I'm less than sanguine about expecting to get away with doing I2C I/O inside an interrupt being a reasonable expectation.

That's also a no-no. Don't rely on luck.

Just set a flag in the interrupt routine. Then have loop() check that flag and read the chip.

However, I don't think the interrupt line will change until the chip has been read, so there may be no advantage to using an interrupt at all, because the interrupt will not be missed if not read in a short time. So why not simply poll the interrupt pin in loop().

Got it. I'll try that later today

What do you mean? I'm new to interrupts.

Then what's the point of an interrupt? (Maybe I misunderstand you.)

You mean in general?

Where external signals could be very short, if the MCU is polling the signal, it could miss some signal changes entirely if the signal is being polled.

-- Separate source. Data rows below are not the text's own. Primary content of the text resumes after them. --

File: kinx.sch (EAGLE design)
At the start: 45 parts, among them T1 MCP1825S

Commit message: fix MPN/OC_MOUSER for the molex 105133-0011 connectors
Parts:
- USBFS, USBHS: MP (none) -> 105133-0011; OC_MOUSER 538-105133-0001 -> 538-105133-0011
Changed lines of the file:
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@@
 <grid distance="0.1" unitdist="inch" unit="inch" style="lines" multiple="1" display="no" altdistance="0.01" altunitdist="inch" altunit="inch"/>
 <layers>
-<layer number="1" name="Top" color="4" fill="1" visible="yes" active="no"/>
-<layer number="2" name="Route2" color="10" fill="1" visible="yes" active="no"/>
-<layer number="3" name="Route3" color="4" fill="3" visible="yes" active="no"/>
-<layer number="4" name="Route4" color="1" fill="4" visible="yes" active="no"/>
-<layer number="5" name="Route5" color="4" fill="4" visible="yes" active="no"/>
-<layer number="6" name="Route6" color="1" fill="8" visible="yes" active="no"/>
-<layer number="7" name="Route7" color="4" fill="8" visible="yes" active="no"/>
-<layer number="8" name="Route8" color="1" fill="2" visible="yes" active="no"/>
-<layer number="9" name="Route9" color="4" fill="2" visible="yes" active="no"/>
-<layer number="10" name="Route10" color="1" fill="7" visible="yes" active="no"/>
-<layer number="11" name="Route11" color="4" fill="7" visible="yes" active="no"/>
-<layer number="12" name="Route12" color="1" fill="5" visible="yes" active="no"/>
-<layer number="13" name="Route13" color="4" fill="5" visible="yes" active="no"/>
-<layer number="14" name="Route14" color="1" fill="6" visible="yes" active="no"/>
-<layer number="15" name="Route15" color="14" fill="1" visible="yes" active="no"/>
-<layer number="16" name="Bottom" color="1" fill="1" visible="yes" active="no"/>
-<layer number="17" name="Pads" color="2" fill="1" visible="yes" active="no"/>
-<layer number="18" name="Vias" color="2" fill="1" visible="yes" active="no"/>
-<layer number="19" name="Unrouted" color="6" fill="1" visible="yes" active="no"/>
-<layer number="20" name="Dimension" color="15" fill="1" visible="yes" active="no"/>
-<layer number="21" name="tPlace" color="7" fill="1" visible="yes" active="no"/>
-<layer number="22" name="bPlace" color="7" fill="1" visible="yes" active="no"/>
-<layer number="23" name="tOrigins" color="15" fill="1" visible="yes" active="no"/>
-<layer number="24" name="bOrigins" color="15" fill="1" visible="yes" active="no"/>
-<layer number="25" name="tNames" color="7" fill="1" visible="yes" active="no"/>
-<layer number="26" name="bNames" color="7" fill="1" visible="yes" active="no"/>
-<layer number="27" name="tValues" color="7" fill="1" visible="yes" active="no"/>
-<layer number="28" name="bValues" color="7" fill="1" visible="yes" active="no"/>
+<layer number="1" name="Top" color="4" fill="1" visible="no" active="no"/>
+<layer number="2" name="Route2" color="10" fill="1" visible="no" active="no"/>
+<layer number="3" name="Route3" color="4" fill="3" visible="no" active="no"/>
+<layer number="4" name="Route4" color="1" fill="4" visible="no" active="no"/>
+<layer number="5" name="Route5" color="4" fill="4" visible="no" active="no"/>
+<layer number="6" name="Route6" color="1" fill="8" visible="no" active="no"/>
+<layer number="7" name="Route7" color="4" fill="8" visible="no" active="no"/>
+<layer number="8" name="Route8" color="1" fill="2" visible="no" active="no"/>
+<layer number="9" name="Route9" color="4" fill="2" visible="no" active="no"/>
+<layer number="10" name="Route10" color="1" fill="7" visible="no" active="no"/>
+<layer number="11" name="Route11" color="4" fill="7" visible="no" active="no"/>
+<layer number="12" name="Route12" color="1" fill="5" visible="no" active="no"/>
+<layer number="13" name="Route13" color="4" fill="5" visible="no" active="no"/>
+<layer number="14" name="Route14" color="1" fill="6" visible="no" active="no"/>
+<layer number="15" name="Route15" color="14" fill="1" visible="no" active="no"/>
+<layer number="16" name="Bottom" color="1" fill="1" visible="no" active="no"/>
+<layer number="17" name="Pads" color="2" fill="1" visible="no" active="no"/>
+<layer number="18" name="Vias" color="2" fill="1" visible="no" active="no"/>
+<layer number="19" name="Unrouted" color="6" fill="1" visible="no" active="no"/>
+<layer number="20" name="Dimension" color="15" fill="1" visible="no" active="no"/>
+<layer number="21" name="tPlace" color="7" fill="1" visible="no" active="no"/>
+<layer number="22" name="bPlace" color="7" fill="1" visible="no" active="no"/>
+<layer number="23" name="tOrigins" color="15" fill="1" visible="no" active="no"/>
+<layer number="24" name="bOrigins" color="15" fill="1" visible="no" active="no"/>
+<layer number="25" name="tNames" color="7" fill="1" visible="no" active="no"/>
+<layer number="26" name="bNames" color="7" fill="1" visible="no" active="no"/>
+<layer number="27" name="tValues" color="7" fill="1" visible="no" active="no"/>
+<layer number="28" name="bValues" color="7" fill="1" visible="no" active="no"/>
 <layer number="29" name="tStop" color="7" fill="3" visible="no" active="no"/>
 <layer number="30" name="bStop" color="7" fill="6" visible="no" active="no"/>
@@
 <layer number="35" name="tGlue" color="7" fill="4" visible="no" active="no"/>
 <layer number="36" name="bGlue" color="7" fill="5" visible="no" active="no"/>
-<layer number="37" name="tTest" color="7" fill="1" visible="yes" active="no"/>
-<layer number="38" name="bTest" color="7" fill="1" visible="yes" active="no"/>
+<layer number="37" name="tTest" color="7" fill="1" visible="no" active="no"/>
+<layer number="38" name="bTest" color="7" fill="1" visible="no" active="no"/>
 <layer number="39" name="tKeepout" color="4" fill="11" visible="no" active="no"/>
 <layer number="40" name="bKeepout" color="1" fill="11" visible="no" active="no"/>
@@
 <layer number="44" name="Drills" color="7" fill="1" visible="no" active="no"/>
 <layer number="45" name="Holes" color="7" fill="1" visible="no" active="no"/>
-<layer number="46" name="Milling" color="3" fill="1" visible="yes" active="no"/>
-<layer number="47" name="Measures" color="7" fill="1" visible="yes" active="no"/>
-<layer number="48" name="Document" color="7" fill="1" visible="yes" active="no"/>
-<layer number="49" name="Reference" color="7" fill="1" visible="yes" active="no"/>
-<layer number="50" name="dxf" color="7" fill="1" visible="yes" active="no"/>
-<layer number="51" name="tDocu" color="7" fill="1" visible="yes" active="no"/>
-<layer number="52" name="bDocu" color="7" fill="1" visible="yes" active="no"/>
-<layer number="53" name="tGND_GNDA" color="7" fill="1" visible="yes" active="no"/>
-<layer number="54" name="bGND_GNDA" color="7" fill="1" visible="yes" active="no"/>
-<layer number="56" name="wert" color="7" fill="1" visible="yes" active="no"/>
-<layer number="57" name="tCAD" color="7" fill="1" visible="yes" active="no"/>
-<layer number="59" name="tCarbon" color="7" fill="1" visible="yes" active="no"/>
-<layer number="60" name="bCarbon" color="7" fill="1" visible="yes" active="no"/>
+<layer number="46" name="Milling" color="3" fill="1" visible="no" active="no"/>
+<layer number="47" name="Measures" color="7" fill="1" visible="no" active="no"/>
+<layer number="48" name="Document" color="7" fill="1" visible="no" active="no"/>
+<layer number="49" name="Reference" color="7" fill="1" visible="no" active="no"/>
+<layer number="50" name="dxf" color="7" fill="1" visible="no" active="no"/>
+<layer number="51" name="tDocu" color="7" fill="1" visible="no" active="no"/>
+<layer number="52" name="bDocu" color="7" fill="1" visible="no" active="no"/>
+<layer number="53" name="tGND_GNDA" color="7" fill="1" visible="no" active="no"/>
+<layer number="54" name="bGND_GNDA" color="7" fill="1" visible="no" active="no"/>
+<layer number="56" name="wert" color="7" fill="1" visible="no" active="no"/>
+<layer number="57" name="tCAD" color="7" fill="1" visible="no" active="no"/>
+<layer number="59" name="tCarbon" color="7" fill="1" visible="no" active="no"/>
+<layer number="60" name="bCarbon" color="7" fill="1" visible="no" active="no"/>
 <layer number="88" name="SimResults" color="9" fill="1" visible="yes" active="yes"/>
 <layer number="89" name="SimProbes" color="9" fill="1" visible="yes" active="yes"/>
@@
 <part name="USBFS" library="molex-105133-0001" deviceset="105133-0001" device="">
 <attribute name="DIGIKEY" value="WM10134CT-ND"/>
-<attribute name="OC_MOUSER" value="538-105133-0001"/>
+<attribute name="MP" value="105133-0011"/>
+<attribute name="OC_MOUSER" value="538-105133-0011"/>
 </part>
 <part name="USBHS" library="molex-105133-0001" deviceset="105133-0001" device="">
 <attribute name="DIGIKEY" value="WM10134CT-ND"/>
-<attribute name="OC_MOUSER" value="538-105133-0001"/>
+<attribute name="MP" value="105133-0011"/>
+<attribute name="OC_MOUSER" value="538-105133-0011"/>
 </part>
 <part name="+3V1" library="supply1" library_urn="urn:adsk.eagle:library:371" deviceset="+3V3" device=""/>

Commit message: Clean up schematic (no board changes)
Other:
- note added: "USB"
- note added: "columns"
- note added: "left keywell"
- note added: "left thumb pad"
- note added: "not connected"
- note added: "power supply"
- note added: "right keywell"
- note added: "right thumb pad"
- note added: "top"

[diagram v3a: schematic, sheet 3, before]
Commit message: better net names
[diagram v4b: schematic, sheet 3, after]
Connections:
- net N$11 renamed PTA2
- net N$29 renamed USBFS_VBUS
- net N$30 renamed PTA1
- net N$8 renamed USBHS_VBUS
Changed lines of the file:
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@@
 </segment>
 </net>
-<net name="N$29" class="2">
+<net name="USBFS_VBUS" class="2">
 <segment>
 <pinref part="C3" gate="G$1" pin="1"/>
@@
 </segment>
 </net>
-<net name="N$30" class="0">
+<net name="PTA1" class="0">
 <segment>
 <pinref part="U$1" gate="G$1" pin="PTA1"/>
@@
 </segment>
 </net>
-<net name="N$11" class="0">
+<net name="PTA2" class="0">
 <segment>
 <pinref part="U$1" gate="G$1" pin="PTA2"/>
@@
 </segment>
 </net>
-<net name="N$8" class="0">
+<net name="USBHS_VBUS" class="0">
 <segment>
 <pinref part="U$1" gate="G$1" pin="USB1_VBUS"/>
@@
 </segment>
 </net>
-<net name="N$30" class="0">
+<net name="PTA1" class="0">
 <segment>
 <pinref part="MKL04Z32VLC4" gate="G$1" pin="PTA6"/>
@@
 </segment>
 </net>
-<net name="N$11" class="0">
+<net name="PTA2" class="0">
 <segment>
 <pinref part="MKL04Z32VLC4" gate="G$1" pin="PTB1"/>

Or it may be important to measure the time that changes occur in the signal, or the period between changes. Polling could introduce errors in those timings.

These situations are a good examples of the use of interrupts.

But in the case of the MCP23xxx and PCF85xx chips INT pins, you could connect them to an interrupt pin of the MCU, but you can also use them simply as an indicator signal on any MCU input pin, and the MCU can poll it. The chip will set the INT pin active when a change is detected on one of its input pins, and won't clear the INT pin until the chip gets communicated to over the i2c bus. So even if the MCU doesn't poll the pin immediately, it will pick up the change when it does next poll the pin.

If you need to read it first, then get the interrupt? But I could've misunderstood you.

Sorry, I'll clarify that. The interrupt pin of the MCP chip goes active (== LOW, I think) as soon as a change on the chip's inputs is detected. But even if that change is very brief, the interrupt pin stays active. It only goes inactive/cleared (== HIGH) when the chip's data gets read over the i2c bus.

If you connect the MCP interrupt to an interrupt pin on the MCU, you would set up the interrupt routine to be executed only when the pin falls from HIGH to LOW (FALLING) and not on RISING, to avoid reading the chip a second time, unnecessarily.

Now I follow you

It turns out that using the interrupt pins on the mcp causes another unrelated problem on its own so I decided to directly poll the pins instead. I don't mind missing some steps as long as the direction readings are fairly accurate.

for (int i = 0; i < 4; i++) {
  int a = mcp1.digitalRead(mcp1EncA[i]);
  int b = mcp1.digitalRead(mcp1EncA[i + 1]);
  if (a != mcp1EncALastState[i]) {
    if (a == LOW && b == HIGH) {
      Serial.println("1");
    }
    else if (a == HIGH && b == HIGH) {
      Serial.println("-1");
    } 
    mcp1EncALastState[i] = a;
  }
}

This is what I tried, with the arrays containing the pin numbers and their last state. But for some reason, the output is always 1 followed by -1 no matter which direction I turn. What did I miss?

a != mcp1EncALastState[i]
The last state of 'a' is actually in mcp1EncALastState[i-1] and you only need to check if
a != b to know the direction.

However, if are are trying to read an encoder, I recommend using the MCP interrupts.

It is always a good idea to provide detailed description of your project.
In your case this means

• how many encoders do you have connected?
• How many IO-pins are connected to whatever hardware?

to see if you have enough direct IO-pins left to connect your encoders.

There is one variant to read in encoders based on a timer-interrupt.
This enables to use any direct IO-pin of the microcontroller for the encoders.

And hence the Catch 22. You can't conduct I2C transactions to read the chip's data in the ISR since doing so also relies on interrupts, which are disabled in an ISR.

I'm using 7 encoders and most of the direct IO pins are occupied by potentiometers for analog input.

Tell me more about this

Ah, I get it now. Thank you for the quick explanation

Can they all operate at the same time?

Technically yes but for the use case, unlikely.

If it's only one at a time or if it's two at a time and thery are on different MCPs then use the MCP interrupt capability

The problem is that sometimes the encoders get stuck in between clicks and cause the rest of the encoders on that mcp to stop working.